Justyna pisze:A mam jeszcze pytanie inne - jak jest w EIZO z tymi sławnymi nie świecącymi, bądź swiecącymi ciągle pikselami? Jest na to gwarancja, bo opinie sa podzielone w necie na ten temat.Czy jest jakas liczba dopuszczalnych takich punktów?
Gdzie jak gdzie, ale w EIZO problem pikseli jest marginalny. Do tego polski serwis, choć norma ISO ani gwarancja producenta tego nie wymaga, wymienia nawet przy jednym o ile jest w uciążliwym miejscu, czyli w centralnej części ekranu. Ogólnie EIZO z pikselami trzeba szukać ze świecą.

Dopuszczalne wartości wg ISO13406-2: https://monitory.mastiff.pl/faq.php?ID=54

Re: Monitor 22-24"

: 26 lutego 2010, 15:16 - pt
autor: ozie
Justyna pisze:A mam jeszcze pytanie inne - jak jest w EIZO z tymi sławnymi nie świecącymi, bądź swiecącymi ciągle pikselami? Jest na to gwarancja, bo opinie sa podzielone w necie na ten temat.Czy jest jakas liczba dopuszczalnych takich punktów?

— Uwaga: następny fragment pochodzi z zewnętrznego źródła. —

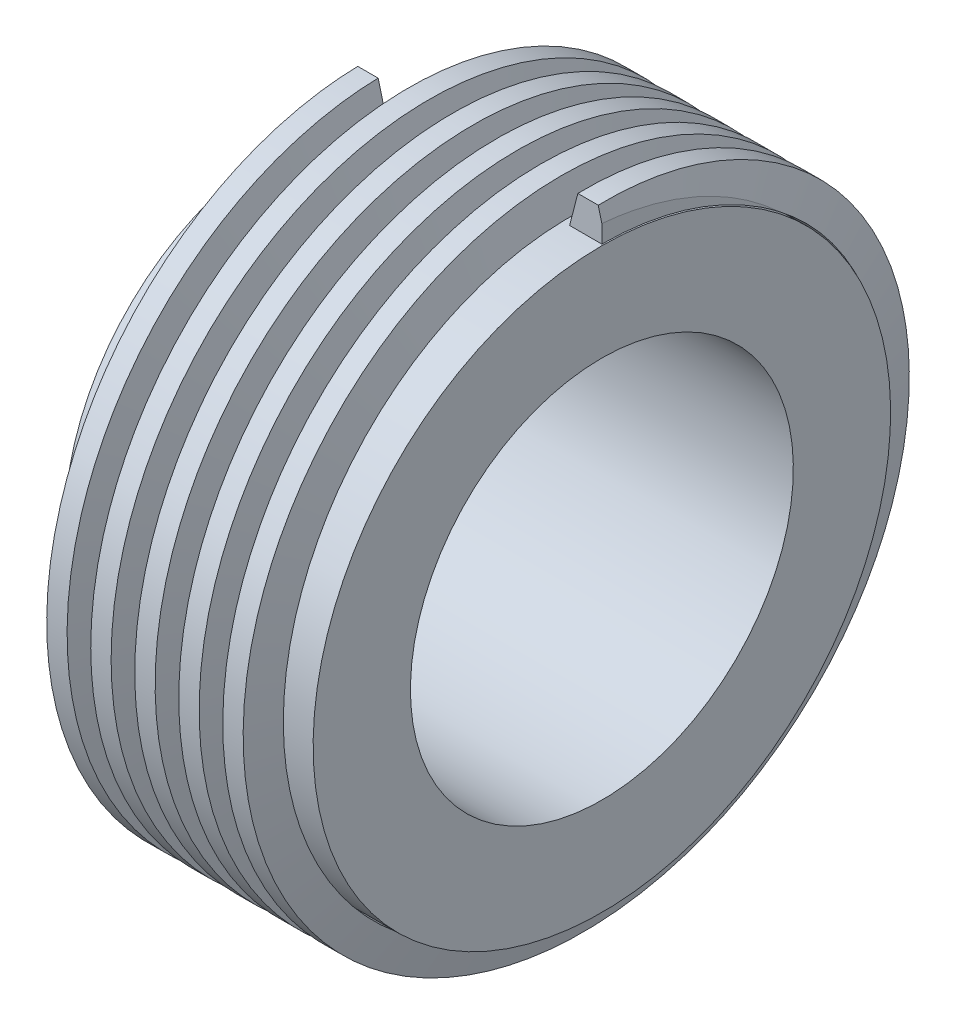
ISO-10303-21;
HEADER;
FILE_DESCRIPTION(('STEP AP214'),'2;1');
FILE_NAME('part.step','',(''),(''),'','','');
FILE_SCHEMA(('AUTOMOTIVE_DESIGN { 1 0 10303 214 1 1 1 1 }'));
ENDSEC;
DATA;
#1=APPLICATION_CONTEXT('core data for automotive mechanical design processes');
#2=APPLICATION_PROTOCOL_DEFINITION('international standard','automotive_design',2000,#1);
#3=PRODUCT_CONTEXT('',#1,'mechanical');
#4=PRODUCT('Part','Part','',(#3));
#5=PRODUCT_RELATED_PRODUCT_CATEGORY('part','',(#4));
#6=PRODUCT_DEFINITION_FORMATION('','',#4);
#7=PRODUCT_DEFINITION_CONTEXT('part definition',#1,'design');
#8=PRODUCT_DEFINITION('design','',#6,#7);
#9=PRODUCT_DEFINITION_SHAPE('','',#8);
#10=(LENGTH_UNIT() NAMED_UNIT(*) SI_UNIT(.MILLI.,.METRE.));
#11=(NAMED_UNIT(*) PLANE_ANGLE_UNIT() SI_UNIT($,.RADIAN.));
#12=(NAMED_UNIT(*) SI_UNIT($,.STERADIAN.) SOLID_ANGLE_UNIT());
#13=UNCERTAINTY_MEASURE_WITH_UNIT(LENGTH_MEASURE(1.E-05),#10,'distance_accuracy_value','');
#14=(GEOMETRIC_REPRESENTATION_CONTEXT(3) GLOBAL_UNCERTAINTY_ASSIGNED_CONTEXT((#13)) GLOBAL_UNIT_ASSIGNED_CONTEXT((#10,
#11,#12)) REPRESENTATION_CONTEXT('',''));
#15=CARTESIAN_POINT('',(0.,0.,0.));
#16=DIRECTION('',(0.,0.,1.));
#17=DIRECTION('',(1.,0.,0.));
#18=AXIS2_PLACEMENT_3D('',#15,#16,#17);
#19=CARTESIAN_POINT('',(18.3159324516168,17.6603714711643,-5.77099334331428E-05));
#20=DIRECTION('',(0.,3.26776441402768E-06,0.999999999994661));
#21=DIRECTION('',(0.,-0.999999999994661,3.26776441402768E-06));
#22=AXIS2_PLACEMENT_3D('',#19,#20,#21);
#23=PLANE('',#22);
#24=DIRECTION('',(1.,0.,0.));
#25=VECTOR('',#24,1.);
#26=CARTESIAN_POINT('',(17.4898003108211,16.7396214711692,-5.47011393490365E-05));
#27=LINE('',#26,#25);
#28=CARTESIAN_POINT('',(16.4255460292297,16.7396214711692,-5.47011393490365E-05));
#29=VERTEX_POINT('',#28);
#30=CARTESIAN_POINT('',(18.288,16.7396214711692,-5.47011393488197E-05));
#31=VERTEX_POINT('',#30);
#32=EDGE_CURVE('E110',#29,#31,#27,.T.);
#33=ORIENTED_EDGE('',*,*,#32,.T.);
#34=DIRECTION('',(0.,0.999999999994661,-3.26776441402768E-06));
#35=VECTOR('',#34,1.);
#36=CARTESIAN_POINT('',(18.288,17.6603714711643,-5.77099334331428E-05));
#37=LINE('',#36,#35);
#38=CARTESIAN_POINT('',(18.288,17.768378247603,-5.80628741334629E-05));
#39=VERTEX_POINT('',#38);
#40=EDGE_CURVE('E65',#31,#39,#37,.T.);
#41=ORIENTED_EDGE('',*,*,#40,.T.);
#42=DIRECTION('',(-0.250380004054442,0.968147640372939,-3.16367840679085E-06));
#43=VECTOR('',#42,1.);
#44=CARTESIAN_POINT('',(18.3159324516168,17.6603714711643,-5.77099334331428E-05));
#45=LINE('',#44,#43);
#46=CARTESIAN_POINT('',(18.0778103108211,18.5811214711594,-6.07187275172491E-05));
#47=VERTEX_POINT('',#46);
#48=EDGE_CURVE('E104',#39,#47,#45,.T.);
#49=ORIENTED_EDGE('',*,*,#48,.T.);
#50=DIRECTION('',(-1.,0.,0.));
#51=VECTOR('',#50,1.);
#52=CARTESIAN_POINT('',(17.4898003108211,18.5811214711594,-6.07187275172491E-05));
#53=LINE('',#52,#51);
#54=CARTESIAN_POINT('',(16.9017903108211,18.5811214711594,-6.07187275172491E-05));
#55=VERTEX_POINT('',#54);
#56=EDGE_CURVE('E136',#47,#55,#53,.T.);
#57=ORIENTED_EDGE('',*,*,#56,.T.);
#58=DIRECTION('',(-0.250380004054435,-0.968147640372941,3.16367840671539E-06));
#59=VECTOR('',#58,1.);
#60=CARTESIAN_POINT('',(16.6636681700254,17.6603714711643,-5.77099334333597E-05));
#61=LINE('',#60,#59);
#62=EDGE_CURVE('E131',#55,#29,#61,.T.);
#63=ORIENTED_EDGE('',*,*,#62,.T.);
#64=EDGE_LOOP('',(#33,#41,#49,#57,#63));
#65=FACE_BOUND('',#64,.T.);
#66=ADVANCED_FACE('F46',(#65),#23,.T.);
#67=CARTESIAN_POINT('',(18.5540545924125,16.7396214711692,-5.47011393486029E-05));
#68=CARTESIAN_POINT('',(18.4270545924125,16.7396036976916,-5.43908742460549));
#69=CARTESIAN_POINT('',(18.3000545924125,13.5426060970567,-9.83934688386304));
#70=CARTESIAN_POINT('',(18.1730545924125,10.3456084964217,-14.2396063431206));
#71=CARTESIAN_POINT('',(18.0460545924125,5.17277549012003,-15.9203429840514));
#72=CARTESIAN_POINT('',(17.9190545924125,-5.75161816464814E-05,-17.6010796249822));
#73=CARTESIAN_POINT('',(17.7920545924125,-5.17287953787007,-15.9203091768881));
#74=CARTESIAN_POINT('',(17.6650545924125,-10.3457015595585,-14.2395387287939));
#75=CARTESIAN_POINT('',(17.5380545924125,-13.5426704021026,-9.83925837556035));
#76=CARTESIAN_POINT('',(17.4110545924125,-16.7396392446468,-5.43897802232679));
#77=CARTESIAN_POINT('',(17.2840545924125,-16.7396214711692,5.47011393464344E-05));
#78=CARTESIAN_POINT('',(17.1570545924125,-16.7396036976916,5.43908742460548));
#79=CARTESIAN_POINT('',(17.0300545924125,-13.5426060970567,9.83934688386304));
#80=CARTESIAN_POINT('',(16.9030545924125,-10.3456084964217,14.2396063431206));
#81=CARTESIAN_POINT('',(16.7760545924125,-5.17277549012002,15.9203429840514));
#82=CARTESIAN_POINT('',(16.6490545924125,5.75161816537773E-05,17.6010796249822));
#83=CARTESIAN_POINT('',(16.5220545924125,5.17287953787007,15.9203091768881));
#84=CARTESIAN_POINT('',(16.3950545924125,10.3457015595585,14.2395387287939));
#85=CARTESIAN_POINT('',(16.2680545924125,13.5426704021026,9.83925837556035));
#86=CARTESIAN_POINT('',(16.1410545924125,16.7396392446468,5.43897802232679));
#87=CARTESIAN_POINT('',(16.0140545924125,16.7396214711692,-5.47011393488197E-05));
#88=CARTESIAN_POINT('',(15.8870545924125,16.7396036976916,-5.43908742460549));
#89=CARTESIAN_POINT('',(15.7600545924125,13.5426060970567,-9.83934688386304));
#90=CARTESIAN_POINT('',(15.6330545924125,10.3456084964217,-14.2396063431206));
#91=CARTESIAN_POINT('',(15.5060545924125,5.17277549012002,-15.9203429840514));
#92=CARTESIAN_POINT('',(15.3790545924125,-5.75161816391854E-05,-17.6010796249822));
#93=CARTESIAN_POINT('',(15.2520545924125,-5.17287953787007,-15.9203091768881));
#94=CARTESIAN_POINT('',(15.1250545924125,-10.3457015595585,-14.2395387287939));
#95=CARTESIAN_POINT('',(14.9980545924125,-13.5426704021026,-9.83925837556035));
#96=CARTESIAN_POINT('',(14.8710545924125,-16.7396392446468,-5.43897802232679));
#97=CARTESIAN_POINT('',(14.7440545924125,-16.7396214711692,5.47011393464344E-05));
#98=CARTESIAN_POINT('',(14.6170545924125,-16.7396036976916,5.43908742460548));
#99=CARTESIAN_POINT('',(14.4900545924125,-13.5426060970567,9.83934688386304));
#100=CARTESIAN_POINT('',(14.3630545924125,-10.3456084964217,14.2396063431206));
#101=CARTESIAN_POINT('',(14.2360545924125,-5.17277549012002,15.9203429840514));
#102=CARTESIAN_POINT('',(14.1090545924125,5.75161816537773E-05,17.6010796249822));
#103=CARTESIAN_POINT('',(13.9820545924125,5.17287953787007,15.9203091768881));
#104=CARTESIAN_POINT('',(13.8550545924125,10.3457015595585,14.2395387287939));
#105=CARTESIAN_POINT('',(13.7280545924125,13.5426704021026,9.83925837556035));
#106=CARTESIAN_POINT('',(13.6010545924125,16.7396392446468,5.43897802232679));
#107=CARTESIAN_POINT('',(13.4740545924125,16.7396214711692,-5.47011393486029E-05));
#108=CARTESIAN_POINT('',(13.3470545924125,16.7396036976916,-5.43908742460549));
#109=CARTESIAN_POINT('',(13.2200545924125,13.5426060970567,-9.83934688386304));
#110=CARTESIAN_POINT('',(13.0930545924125,10.3456084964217,-14.2396063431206));
#111=CARTESIAN_POINT('',(12.9660545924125,5.17277549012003,-15.9203429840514));
#112=CARTESIAN_POINT('',(12.8390545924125,-5.75161816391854E-05,-17.6010796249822));
#113=CARTESIAN_POINT('',(12.7120545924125,-5.17287953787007,-15.9203091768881));
#114=CARTESIAN_POINT('',(12.5850545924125,-10.3457015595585,-14.2395387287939));
#115=CARTESIAN_POINT('',(12.4580545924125,-13.5426704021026,-9.83925837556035));
#116=CARTESIAN_POINT('',(12.3310545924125,-16.7396392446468,-5.43897802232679));
#117=CARTESIAN_POINT('',(12.2040545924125,-16.7396214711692,5.47011393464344E-05));
#118=CARTESIAN_POINT('',(12.0770545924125,-16.7396036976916,5.43908742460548));
#119=CARTESIAN_POINT('',(11.9500545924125,-13.5426060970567,9.83934688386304));
#120=CARTESIAN_POINT('',(11.8230545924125,-10.3456084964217,14.2396063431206));
#121=CARTESIAN_POINT('',(11.6960545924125,-5.17277549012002,15.9203429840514));
#122=CARTESIAN_POINT('',(11.5690545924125,5.75161816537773E-05,17.6010796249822));
#123=CARTESIAN_POINT('',(11.4420545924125,5.17287953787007,15.9203091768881));
#124=CARTESIAN_POINT('',(11.3150545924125,10.3457015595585,14.2395387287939));
#125=CARTESIAN_POINT('',(11.1880545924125,13.5426704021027,9.83925837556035));
#126=CARTESIAN_POINT('',(11.0610545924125,16.7396392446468,5.43897802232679));
#127=CARTESIAN_POINT('',(10.9340545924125,16.7396214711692,-5.47011393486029E-05));
#128=CARTESIAN_POINT('',(10.8070545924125,16.7396036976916,-5.43908742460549));
#129=CARTESIAN_POINT('',(10.6800545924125,13.5426060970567,-9.83934688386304));
#130=CARTESIAN_POINT('',(10.5530545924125,10.3456084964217,-14.2396063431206));
#131=CARTESIAN_POINT('',(10.4260545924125,5.17277549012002,-15.9203429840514));
#132=CARTESIAN_POINT('',(10.2990545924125,-5.75161816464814E-05,-17.6010796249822));
#133=CARTESIAN_POINT('',(10.1720545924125,-5.17287953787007,-15.9203091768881));
#134=CARTESIAN_POINT('',(10.0450545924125,-10.3457015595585,-14.2395387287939));
#135=CARTESIAN_POINT('',(9.91805459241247,-13.5426704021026,-9.83925837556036));
#136=CARTESIAN_POINT('',(9.79105459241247,-16.7396392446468,-5.43897802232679));
#137=CARTESIAN_POINT('',(9.66405459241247,-16.7396214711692,5.47011393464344E-05));
#138=CARTESIAN_POINT('',(9.53705459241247,-16.7396036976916,5.43908742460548));
#139=CARTESIAN_POINT('',(9.41005459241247,-13.5426060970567,9.83934688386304));
#140=CARTESIAN_POINT('',(9.28305459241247,-10.3456084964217,14.2396063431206));
#141=CARTESIAN_POINT('',(9.15605459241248,-5.17277549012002,15.9203429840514));
#142=CARTESIAN_POINT('',(9.02905459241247,5.75161816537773E-05,17.6010796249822));
#143=CARTESIAN_POINT('',(8.90205459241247,5.17287953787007,15.9203091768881));
#144=CARTESIAN_POINT('',(8.77505459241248,10.3457015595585,14.2395387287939));
#145=CARTESIAN_POINT('',(8.64805459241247,13.5426704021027,9.83925837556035));
#146=CARTESIAN_POINT('',(8.52105459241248,16.7396392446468,5.43897802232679));
#147=CARTESIAN_POINT('',(8.39405459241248,16.7396214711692,-5.47011393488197E-05));
#148=CARTESIAN_POINT('',(8.26705459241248,16.7396036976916,-5.43908742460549));
#149=CARTESIAN_POINT('',(8.14005459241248,13.5426060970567,-9.83934688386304));
#150=CARTESIAN_POINT('',(8.01305459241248,10.3456084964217,-14.2396063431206));
#151=CARTESIAN_POINT('',(7.88605459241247,5.17277549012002,-15.9203429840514));
#152=CARTESIAN_POINT('',(7.75905459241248,-5.75161816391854E-05,-17.6010796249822));
#153=CARTESIAN_POINT('',(7.63205459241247,-5.17287953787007,-15.9203091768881));
#154=CARTESIAN_POINT('',(7.50505459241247,-10.3457015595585,-14.2395387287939));
#155=CARTESIAN_POINT('',(7.37805459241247,-13.5426704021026,-9.83925837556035));
#156=CARTESIAN_POINT('',(7.25105459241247,-16.7396392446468,-5.43897802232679));
#157=CARTESIAN_POINT('',(7.12405459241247,-16.7396214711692,5.47011393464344E-05));
#158=CARTESIAN_POINT('',(6.99705459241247,-16.7396036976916,5.43908742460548));
#159=CARTESIAN_POINT('',(6.87005459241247,-13.5426060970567,9.83934688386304));
#160=CARTESIAN_POINT('',(6.74305459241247,-10.3456084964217,14.2396063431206));
#161=CARTESIAN_POINT('',(6.61605459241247,-5.17277549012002,15.9203429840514));
#162=CARTESIAN_POINT('',(6.48905459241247,5.75161816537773E-05,17.6010796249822));
#163=CARTESIAN_POINT('',(6.36205459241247,5.17287953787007,15.9203091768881));
#164=CARTESIAN_POINT('',(6.23505459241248,10.3457015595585,14.2395387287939));
#165=CARTESIAN_POINT('',(6.10805459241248,13.5426704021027,9.83925837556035));
#166=CARTESIAN_POINT('',(5.98105459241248,16.7396392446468,5.43897802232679));
#167=CARTESIAN_POINT('',(5.85405459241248,16.7396214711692,-5.47011393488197E-05));
#168=CARTESIAN_POINT('',(18.0778103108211,18.5811214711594,-6.07187275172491E-05));
#169=CARTESIAN_POINT('',(17.9508103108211,18.5811017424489,-6.03743306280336));
#170=CARTESIAN_POINT('',(17.8238103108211,15.0324073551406,-10.9217582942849));
#171=CARTESIAN_POINT('',(17.6968103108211,11.4837129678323,-15.8060835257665));
#172=CARTESIAN_POINT('',(17.5698103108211,5.74182456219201,-17.6717154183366));
#173=CARTESIAN_POINT('',(17.4428103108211,-6.384344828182E-05,-19.5373473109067));
#174=CARTESIAN_POINT('',(17.3158103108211,-5.74194005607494,-17.6716778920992));
#175=CARTESIAN_POINT('',(17.1888103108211,-11.4838162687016,-15.8060084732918));
#176=CARTESIAN_POINT('',(17.0618103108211,-15.0324787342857,-10.9216600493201));
#177=CARTESIAN_POINT('',(16.9348103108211,-18.5811411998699,-6.03731162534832));
#178=CARTESIAN_POINT('',(16.8078103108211,-18.5811214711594,6.0718727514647E-05));
#179=CARTESIAN_POINT('',(16.6808103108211,-18.5811017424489,6.03743306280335));
#180=CARTESIAN_POINT('',(16.5538103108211,-15.0324073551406,10.9217582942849));
#181=CARTESIAN_POINT('',(16.4268103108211,-11.4837129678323,15.8060835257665));
#182=CARTESIAN_POINT('',(16.2998103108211,-5.74182456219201,17.6717154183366));
#183=CARTESIAN_POINT('',(16.1728103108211,6.3843448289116E-05,19.5373473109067));
#184=CARTESIAN_POINT('',(16.0458103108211,5.74194005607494,17.6716778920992));
#185=CARTESIAN_POINT('',(15.9188103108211,11.4838162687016,15.8060084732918));
#186=CARTESIAN_POINT('',(15.7918103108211,15.0324787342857,10.9216600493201));
#187=CARTESIAN_POINT('',(15.6648103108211,18.5811411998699,6.03731162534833));
#188=CARTESIAN_POINT('',(15.5378103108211,18.5811214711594,-6.07187275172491E-05));
#189=CARTESIAN_POINT('',(15.4108103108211,18.5811017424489,-6.03743306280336));
#190=CARTESIAN_POINT('',(15.2838103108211,15.0324073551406,-10.9217582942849));
#191=CARTESIAN_POINT('',(15.1568103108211,11.4837129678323,-15.8060835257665));
#192=CARTESIAN_POINT('',(15.0298103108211,5.74182456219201,-17.6717154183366));
#193=CARTESIAN_POINT('',(14.9028103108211,-6.384344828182E-05,-19.5373473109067));
#194=CARTESIAN_POINT('',(14.7758103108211,-5.74194005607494,-17.6716778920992));
#195=CARTESIAN_POINT('',(14.6488103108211,-11.4838162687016,-15.8060084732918));
#196=CARTESIAN_POINT('',(14.5218103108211,-15.0324787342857,-10.9216600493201));
#197=CARTESIAN_POINT('',(14.3948103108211,-18.5811411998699,-6.03731162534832));
#198=CARTESIAN_POINT('',(14.2678103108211,-18.5811214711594,6.0718727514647E-05));
#199=CARTESIAN_POINT('',(14.1408103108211,-18.5811017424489,6.03743306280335));
#200=CARTESIAN_POINT('',(14.0138103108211,-15.0324073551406,10.9217582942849));
#201=CARTESIAN_POINT('',(13.8868103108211,-11.4837129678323,15.8060835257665));
#202=CARTESIAN_POINT('',(13.7598103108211,-5.741824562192,17.6717154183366));
#203=CARTESIAN_POINT('',(13.6328103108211,6.384344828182E-05,19.5373473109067));
#204=CARTESIAN_POINT('',(13.5058103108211,5.74194005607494,17.6716778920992));
#205=CARTESIAN_POINT('',(13.3788103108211,11.4838162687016,15.8060084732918));
#206=CARTESIAN_POINT('',(13.2518103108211,15.0324787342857,10.9216600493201));
#207=CARTESIAN_POINT('',(13.1248103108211,18.5811411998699,6.03731162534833));
#208=CARTESIAN_POINT('',(12.9978103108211,18.5811214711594,-6.07187275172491E-05));
#209=CARTESIAN_POINT('',(12.8708103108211,18.5811017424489,-6.03743306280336));
#210=CARTESIAN_POINT('',(12.7438103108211,15.0324073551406,-10.9217582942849));
#211=CARTESIAN_POINT('',(12.6168103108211,11.4837129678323,-15.8060835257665));
#212=CARTESIAN_POINT('',(12.4898103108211,5.74182456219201,-17.6717154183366));
#213=CARTESIAN_POINT('',(12.3628103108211,-6.384344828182E-05,-19.5373473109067));
#214=CARTESIAN_POINT('',(12.2358103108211,-5.74194005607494,-17.6716778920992));
#215=CARTESIAN_POINT('',(12.1088103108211,-11.4838162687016,-15.8060084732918));
#216=CARTESIAN_POINT('',(11.9818103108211,-15.0324787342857,-10.9216600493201));
#217=CARTESIAN_POINT('',(11.8548103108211,-18.5811411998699,-6.03731162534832));
#218=CARTESIAN_POINT('',(11.7278103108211,-18.5811214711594,6.0718727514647E-05));
#219=CARTESIAN_POINT('',(11.6008103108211,-18.5811017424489,6.03743306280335));
#220=CARTESIAN_POINT('',(11.4738103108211,-15.0324073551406,10.9217582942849));
#221=CARTESIAN_POINT('',(11.3468103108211,-11.4837129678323,15.8060835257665));
#222=CARTESIAN_POINT('',(11.2198103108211,-5.74182456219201,17.6717154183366));
#223=CARTESIAN_POINT('',(11.0928103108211,6.3843448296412E-05,19.5373473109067));
#224=CARTESIAN_POINT('',(10.9658103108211,5.74194005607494,17.6716778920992));
#225=CARTESIAN_POINT('',(10.8388103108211,11.4838162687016,15.8060084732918));
#226=CARTESIAN_POINT('',(10.7118103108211,15.0324787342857,10.9216600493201));
#227=CARTESIAN_POINT('',(10.5848103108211,18.5811411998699,6.03731162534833));
#228=CARTESIAN_POINT('',(10.4578103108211,18.5811214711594,-6.07187275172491E-05));
#229=CARTESIAN_POINT('',(10.3308103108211,18.5811017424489,-6.03743306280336));
#230=CARTESIAN_POINT('',(10.2038103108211,15.0324073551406,-10.9217582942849));
#231=CARTESIAN_POINT('',(10.0768103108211,11.4837129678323,-15.8060835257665));
#232=CARTESIAN_POINT('',(9.9498103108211,5.74182456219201,-17.6717154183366));
#233=CARTESIAN_POINT('',(9.8228103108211,-6.384344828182E-05,-19.5373473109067));
#234=CARTESIAN_POINT('',(9.6958103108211,-5.74194005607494,-17.6716778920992));
#235=CARTESIAN_POINT('',(9.5688103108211,-11.4838162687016,-15.8060084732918));
#236=CARTESIAN_POINT('',(9.4418103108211,-15.0324787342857,-10.9216600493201));
#237=CARTESIAN_POINT('',(9.3148103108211,-18.5811411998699,-6.03731162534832));
#238=CARTESIAN_POINT('',(9.1878103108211,-18.5811214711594,6.0718727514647E-05));
#239=CARTESIAN_POINT('',(9.0608103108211,-18.5811017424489,6.03743306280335));
#240=CARTESIAN_POINT('',(8.9338103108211,-15.0324073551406,10.9217582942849));
#241=CARTESIAN_POINT('',(8.8068103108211,-11.4837129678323,15.8060835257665));
#242=CARTESIAN_POINT('',(8.6798103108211,-5.741824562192,17.6717154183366));
#243=CARTESIAN_POINT('',(8.5528103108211,6.3843448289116E-05,19.5373473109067));
#244=CARTESIAN_POINT('',(8.4258103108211,5.74194005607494,17.6716778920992));
#245=CARTESIAN_POINT('',(8.29881031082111,11.4838162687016,15.8060084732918));
#246=CARTESIAN_POINT('',(8.1718103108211,15.0324787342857,10.9216600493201));
#247=CARTESIAN_POINT('',(8.0448103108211,18.5811411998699,6.03731162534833));
#248=CARTESIAN_POINT('',(7.91781031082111,18.5811214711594,-6.07187275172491E-05));
#249=CARTESIAN_POINT('',(7.79081031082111,18.5811017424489,-6.03743306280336));
#250=CARTESIAN_POINT('',(7.6638103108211,15.0324073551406,-10.9217582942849));
#251=CARTESIAN_POINT('',(7.53681031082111,11.4837129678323,-15.8060835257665));
#252=CARTESIAN_POINT('',(7.4098103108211,5.74182456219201,-17.6717154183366));
#253=CARTESIAN_POINT('',(7.2828103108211,-6.38434482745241E-05,-19.5373473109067));
#254=CARTESIAN_POINT('',(7.1558103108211,-5.74194005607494,-17.6716778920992));
#255=CARTESIAN_POINT('',(7.0288103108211,-11.4838162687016,-15.8060084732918));
#256=CARTESIAN_POINT('',(6.9018103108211,-15.0324787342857,-10.9216600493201));
#257=CARTESIAN_POINT('',(6.7748103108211,-18.5811411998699,-6.03731162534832));
#258=CARTESIAN_POINT('',(6.6478103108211,-18.5811214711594,6.0718727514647E-05));
#259=CARTESIAN_POINT('',(6.5208103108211,-18.5811017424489,6.03743306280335));
#260=CARTESIAN_POINT('',(6.3938103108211,-15.0324073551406,10.9217582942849));
#261=CARTESIAN_POINT('',(6.2668103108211,-11.4837129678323,15.8060835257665));
#262=CARTESIAN_POINT('',(6.1398103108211,-5.741824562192,17.6717154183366));
#263=CARTESIAN_POINT('',(6.0128103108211,6.3843448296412E-05,19.5373473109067));
#264=CARTESIAN_POINT('',(5.8858103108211,5.74194005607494,17.6716778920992));
#265=CARTESIAN_POINT('',(5.7588103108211,11.4838162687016,15.8060084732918));
#266=CARTESIAN_POINT('',(5.6318103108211,15.0324787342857,10.9216600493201));
#267=CARTESIAN_POINT('',(5.50481031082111,18.5811411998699,6.03731162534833));
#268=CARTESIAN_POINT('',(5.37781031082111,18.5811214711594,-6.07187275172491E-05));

Żaden monitor ze świecącym/nieświecącym pikselem nie opuści fabryki EIZO. Nawet tak surowe normy jakości nie gwarantują użytkownikowi że nie pojawi się uszkodzony piksel. Takie piksele mogą pojawić się w wyniku zwykłego upływu czasu i naturalnej eksploatacji monitora ale również nieodpowiedniego obchodzenia się z monitorem jak wstrząsy czy uszkodzenia mechaniczne. Odpowiedni proces kontroli w fabryce EIZO powoduje, że takie ryzyko w przypadku monitorów tego producenta należy do jednego z najmniejszych.

Re: Monitor 22-24"

: 04 marca 2010, 17:19 - czw
autor: Waleczny
Mówił Pan o konieczności kalibracji tego NEC-a P221w, że fabrycznie jest nierówny. Dostępu do tego określonego kalibratora i oprogramowania zapewne mieć nie będę. Ale jak jest w takim razie z EIZO S2233? Zdaje się, że to tez szerokogamutowiec i kalibracja spyderem odpada...czy wobec tego lepiej zdecydować się na EIZO i odpuścić kalibrację? A może z kalibracją EIZO jest jakoś prościej?

Re: Monitor 22-24"

: 04 marca 2010, 18:49 - czw
autor: Tom01
Waleczny pisze:Mówił Pan o konieczności kalibracji tego NEC-a P221w, że fabrycznie jest nierówny. Dostępu do tego określonego kalibratora i oprogramowania zapewne mieć nie będę. Ale jak jest w takim razie z EIZO S2233? Zdaje się, że to tez szerokogamutowiec i kalibracja spyderem odpada...czy wobec tego lepiej zdecydować się na EIZO i odpuścić kalibrację? A może z kalibracją EIZO jest jakoś prościej?
Eizo jest równiejsze jakościowo, o niebo lepiej zlinearyzowane fabrycznie, ale nie skalibrowane. Pomijając fakt, że linearyzacja i kalibracja jest powszechnie mylona, praca na przypadkowo ustawionym monitorze nie jest sensowna.